NCT number NCT01321736
Other study ID # 1103M96878
Secondary ID
Status Completed
Phase N/A
First received March 22, 2011
Last updated December 5, 2013
Start date April 2011
Est. completion date December 2012

Study information

Verified date December 2013
Source University of Minnesota - Clinical and Translational Science Institute
Contact n/a
Is FDA regulated No
Health authority United States: Institutional Review Board
Study type Interventional

Clinical Trial Summary

Dietary fiber is known to influence bowel function. The investigators hypothesize that the addition of a mixture of fibers to liquid diets will improve bowel function as measured by stool weight.


Description:

Liquid diets are the sole source of nutrition for many patients. Consumption of liquid diets is linked to lower stool weight. The objective of this study is to feed liquid diets, with and without added fiber, to healthy human subjects to determine if mixed fiber sources can normalize stool weight. Secondary objectives of the study include measurement of gut microbiota and stool chemistry with fiber addition.

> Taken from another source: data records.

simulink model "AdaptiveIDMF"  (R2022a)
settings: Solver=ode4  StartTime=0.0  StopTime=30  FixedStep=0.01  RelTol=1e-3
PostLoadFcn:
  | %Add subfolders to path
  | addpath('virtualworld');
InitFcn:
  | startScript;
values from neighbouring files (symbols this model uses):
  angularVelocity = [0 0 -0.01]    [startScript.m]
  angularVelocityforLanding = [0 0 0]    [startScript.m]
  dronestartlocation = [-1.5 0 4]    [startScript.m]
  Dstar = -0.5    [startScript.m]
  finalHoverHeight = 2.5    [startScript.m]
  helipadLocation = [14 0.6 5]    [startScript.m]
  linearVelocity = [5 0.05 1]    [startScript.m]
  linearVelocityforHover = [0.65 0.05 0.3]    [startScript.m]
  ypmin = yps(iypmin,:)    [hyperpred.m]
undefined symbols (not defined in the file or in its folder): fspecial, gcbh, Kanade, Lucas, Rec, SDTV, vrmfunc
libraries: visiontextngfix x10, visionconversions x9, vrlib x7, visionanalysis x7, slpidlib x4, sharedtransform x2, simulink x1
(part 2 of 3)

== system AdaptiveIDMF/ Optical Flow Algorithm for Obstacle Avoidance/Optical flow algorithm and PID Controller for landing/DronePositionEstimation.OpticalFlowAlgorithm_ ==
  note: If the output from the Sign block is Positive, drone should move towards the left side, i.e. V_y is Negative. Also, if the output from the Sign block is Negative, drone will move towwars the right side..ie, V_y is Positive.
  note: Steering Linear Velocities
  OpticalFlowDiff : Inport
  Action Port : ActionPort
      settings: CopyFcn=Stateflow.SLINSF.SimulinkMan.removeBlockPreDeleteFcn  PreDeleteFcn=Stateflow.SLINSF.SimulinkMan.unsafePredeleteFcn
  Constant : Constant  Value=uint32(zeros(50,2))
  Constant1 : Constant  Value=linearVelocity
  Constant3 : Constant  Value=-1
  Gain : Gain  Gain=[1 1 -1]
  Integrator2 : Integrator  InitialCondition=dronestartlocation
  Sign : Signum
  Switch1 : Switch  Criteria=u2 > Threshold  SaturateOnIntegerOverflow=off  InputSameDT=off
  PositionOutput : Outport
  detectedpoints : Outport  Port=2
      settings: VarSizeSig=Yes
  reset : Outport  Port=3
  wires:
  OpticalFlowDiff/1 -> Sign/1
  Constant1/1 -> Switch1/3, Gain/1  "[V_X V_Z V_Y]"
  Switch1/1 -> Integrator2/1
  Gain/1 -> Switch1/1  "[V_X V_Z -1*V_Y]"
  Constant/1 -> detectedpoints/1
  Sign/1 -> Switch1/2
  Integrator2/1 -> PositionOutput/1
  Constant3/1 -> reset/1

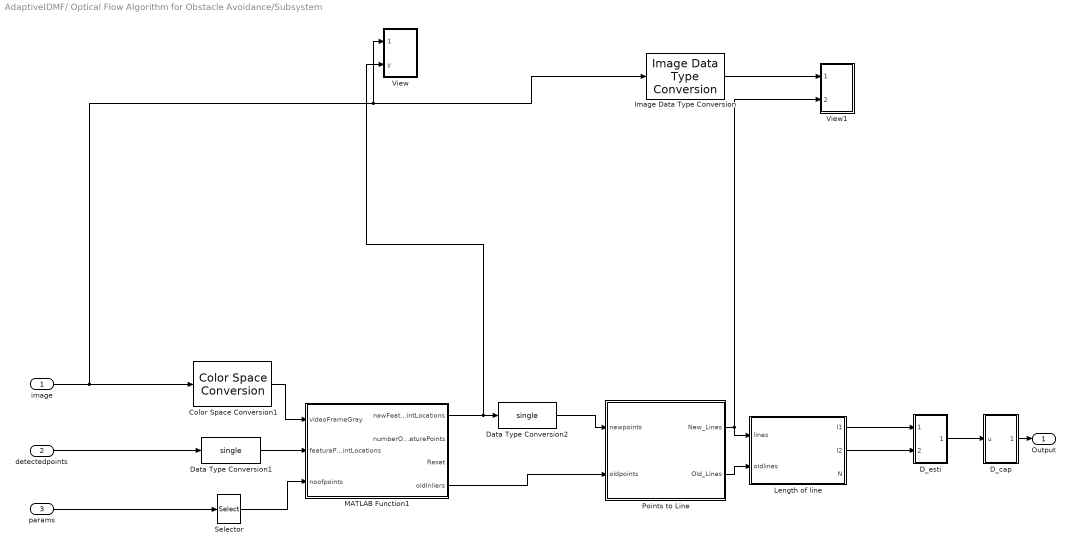
== system AdaptiveIDMF/ Optical Flow Algorithm for Obstacle Avoidance/Subsystem ==
  image : Inport
  detectedpoints : Inport  Port=2
  params : Inport  Port=3
  Color Space Conversion1 : visionconversions/Color Space  Conversion  conversion=Obsolete  conversionActive=R'G'B' to intensity  wp_str=D65  rec=Rec. 601 (SDTV)  sys=1125/60/2:1  imagePorts=One multidimensional signal
  D_cap : Subsystem
  D_esti : Subsystem
  Data Type Conversion1 : DataTypeConversion  OutDataTypeStr=single  SaturateOnIntegerOverflow=off  RndMeth=Floor
  Data Type Conversion2 : DataTypeConversion  OutDataTypeStr=single  SaturateOnIntegerOverflow=off  RndMeth=Floor
  Image Data Type Conversion : visionconversions/Image Data Type Conversion  outDT=single  isSigned=on  wordLen=16  numFracBits=0
      settings: SourceProductBaseCode=VP
  Length of line : MATLAB Function  TreatAsAtomicUnit=on
  MATLAB Function1 : MATLAB Function  TreatAsAtomicUnit=on
  Points to Line : MATLAB Function  TreatAsAtomicUnit=on
  Selector : Selector  InputPortWidth=6  IndexOptions=Index vector (dialog)  Indices=2  OutputSizes=1
  View : Subsystem
  View1 : Subsystem
  Output : Outport
  wires:
  Data Type Conversion1/1 -> MATLAB Function1/2(featurePointLocations)
  Color Space Conversion1/1 -> MATLAB Function1/1(videoFrameGray)
  MATLAB Function1/4(oldInliers) -> Points to Line/2(oldpoints)
  Points to Line/2(Old_Lines) -> Length of line/2(oldlines)
  params/1 -> Selector/1
  Selector/1 -> MATLAB Function1/3(noofpoints)
  Length of line/1(l1) -> D_esti/1(In1)
  Length of line/2(l2) -> D_esti/2(In2)
  D_esti/1(Out1) -> D_cap/1(u)
  D_cap/1(Out1) -> Output/1
  MATLAB Function1/1(newFeaturePointLocations) -> View/2(y), Data Type Conversion2/1
  Data Type Conversion2/1 -> Points to Line/1(newpoints)
  detectedpoints/1 -> Data Type Conversion1/1
  image/1 -> Image Data Type Conversion/1, View/1(d_camera), Color Space Conversion1/1
  Points to Line/1(New_Lines) -> View1/2(vel_Lines), Length of line/1(lines)
  Image Data Type Conversion/1 -> View1/1(camera_d)

== system AdaptiveIDMF/ Optical Flow Algorithm for Obstacle Avoidance/flowdiff ==
  image : Inport
  Delay1 : Delay  DelayLength=4
  FlowDifferences : MATLAB Function  TreatAsAtomicUnit=on
  Gain : Gain  Gain=1/10^3
  Sum1 : Sum  Inputs=+-
  Out1 : Outport
  Out2 : Outport  Port=2
  vleftflow : Outport  Port=3
  vrightflow : Outport  Port=4
  cmd : Outport  Port=5
  wires:
  Gain/1 -> Out2/1, Delay1/1, Sum1/1
  FlowDifferences/1(flowDifference) -> Gain/1
  Sum1/1 -> Out1/1
  FlowDifferences/3(vrightflow) -> vrightflow/1
  FlowDifferences/4(cmd) -> cmd/1
  Delay1/1 -> Sum1/2
  image/1 -> FlowDifferences/1(image)
  FlowDifferences/2(vleftflow) -> vleftflow/1

== system AdaptiveIDMF/ Optical Flow Algorithm for Obstacle Avoidance/flowdiff_down ==
  image : Inport
  Delay : Delay  DelayLength=10
  Delay2 : Delay  DelayLength=10
  FlowDifferences1 : MATLAB Function  TreatAsAtomicUnit=on
  FlowDifferences2 : MATLAB Function  TreatAsAtomicUnit=on
  Gain1 : Gain  Gain=1/10^3
  Gain2 : Gain  Gain=1/10^3
  Sum : Sum  Inputs=+-
  Sum2 : Sum  Inputs=+-
  ofd_up_d : Outport
  flowdiff_down : Outport  Port=2
  ofd_d : Outport  Port=3
  flowup_down : Outport  Port=4
  wires:
  image/1 -> FlowDifferences2/1(image), FlowDifferences1/1(image)
  Gain1/1 -> flowdiff_down/1, Sum/1, Delay/1  "flowdiff_down"
  Gain2/1 -> flowup_down/1, Delay2/1, Sum2/1  "flowup_down"
  FlowDifferences1/1(flowDifference) -> Gain1/1  "flowdiff_down"
  Delay/1 -> Sum/2
  FlowDifferences2/1(flowDifference) -> Gain2/1  "flowup_down"
  Sum2/1 -> ofd_up_d/1  "ofd_up_d"
  Delay2/1 -> Sum2/2
  Sum/1 -> ofd_d/1  "ofd_d"

== system AdaptiveIDMF/Optical Flow Lines Calculation/Optical Flow Lines ==
  vel.Values : Inport
  Optical Flow Lines : MATLAB Function  TreatAsAtomicUnit=on
  vel.Lines : Outport
  wires:
  Optical Flow Lines/1(vel_Lines) -> vel.Lines/1
  vel.Values/1 -> Optical Flow Lines/1(vel_Values)

== system AdaptiveIDMF/Optical Flow Lines Calculation/Optical Flow Lines1 ==
  vel.Values : Inport
  Optical Flow Lines : MATLAB Function  TreatAsAtomicUnit=on
  vel.Lines : Outport
  wires:
  Optical Flow Lines/1(vel_Lines) -> vel.Lines/1
  vel.Values/1 -> Optical Flow Lines/1(vel_Values)

== system AdaptiveIDMF/Optical Flow Lines Calculation1/D ==
  Clock : Clock
  Gain : Gain  Gain=5
  Memory : Memory
  Sum1 : Sum  Inputs=+-
  Out2 : Outport
  wires:
  Clock/1 -> Memory/1, Sum1/1
  Sum1/1 -> Gain/1
  Memory/1 -> Sum1/2
  Gain/1 -> Out2/1

== system AdaptiveIDMF/Optical Flow Lines Calculation1/View ==
  d_camera : Inport
  In2 : Inport  Port=2
  Data Type Conversion : DataTypeConversion  OutDataTypeStr=int32  SaturateOnIntegerOverflow=off  RndMeth=Floor
  Draw Markers1 : visiontextngfix/Draw Markers  shape=X-mark  size=3  fill=off  fillClrSource=Specify via dialog  display=User-specified value  intensity=200  color=[255 0 0]  opacity=0.6  viewport=Entire image  antialiasing=off  inType=Obsolete  imagePorts=One multidimensional signal  roundingMode=Floor  overflowMode=off  memoryMode=Specify word length  memoryWordLength=16  memoryFracLength=15  prodOutputMode=Binary point scaling  prodOutputWordLength=32  prodOutputFracLength=14
      settings: SourceProductBaseCode=VP
  points for ownline : VideoViewer  FigPos=[132 616 560 453]
  wires:
  In2/1 -> Data Type Conversion/1
  Draw Markers1/1 -> points for ownline/1
  d_camera/1 -> Draw Markers1/1
  Data Type Conversion/1 -> Draw Markers1/2

== system AdaptiveIDMF/Optical Flow Lines Calculation1/View1 ==
  In1 : Inport
  In2 : Inport  Port=2
  Data Type Conversion : DataTypeConversion  OutDataTypeStr=int32  SaturateOnIntegerOverflow=off  RndMeth=Floor
  Draw Shapes2 : visiontextngfix/Draw Shapes  shape=Lines  fill=off  lineWidth=1  fillClrSource=Specify via dialog  display=User-specified value  intensity=200  color=[255 255 0]  opacity=0.6  viewport=Entire image  antialiasing=off  inType=Obsolete  imagePorts=One multidimensional signal  roundingMode=Floor  overflowMode=off  memoryMode=Specify word length  memoryWordLength=16  prodOutputMode=Binary point scaling  prodOutputWordLength=32  prodOutputFracLength=14  memoryFracLength=15
  owncode lines : VideoViewer  FigPos=[594 703 418 304]
  wires:
  Draw Shapes2/1 -> owncode lines/1
  In1/1 -> Draw Shapes2/1
  Data Type Conversion/1 -> Draw Shapes2/2
  In2/1 -> Data Type Conversion/1

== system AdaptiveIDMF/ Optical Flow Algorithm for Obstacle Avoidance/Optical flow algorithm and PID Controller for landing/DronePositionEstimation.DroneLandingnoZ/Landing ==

Recruitment information / eligibility

Status Completed
Enrollment 20
Est. completion date December 2012
Est. primary completion date May 2012
Accepts healthy volunteers Accepts Healthy Volunteers
Gender Both
Age group 18 Years to 75 Years
Eligibility Inclusion Criteria:

1.Weight

- BMI between 23 - 29

- having obtained his/her informed consent

- willing and able to exclusively consume enteral diets for two 14 day periods

- willing and able to collect stool samples as instructed

Exclusion Criteria:

- any disease

- use of medication except for contraceptive medication and certain OTC medications not affecting laxation

- smoking

- excessive exercise (> 2 hours per week)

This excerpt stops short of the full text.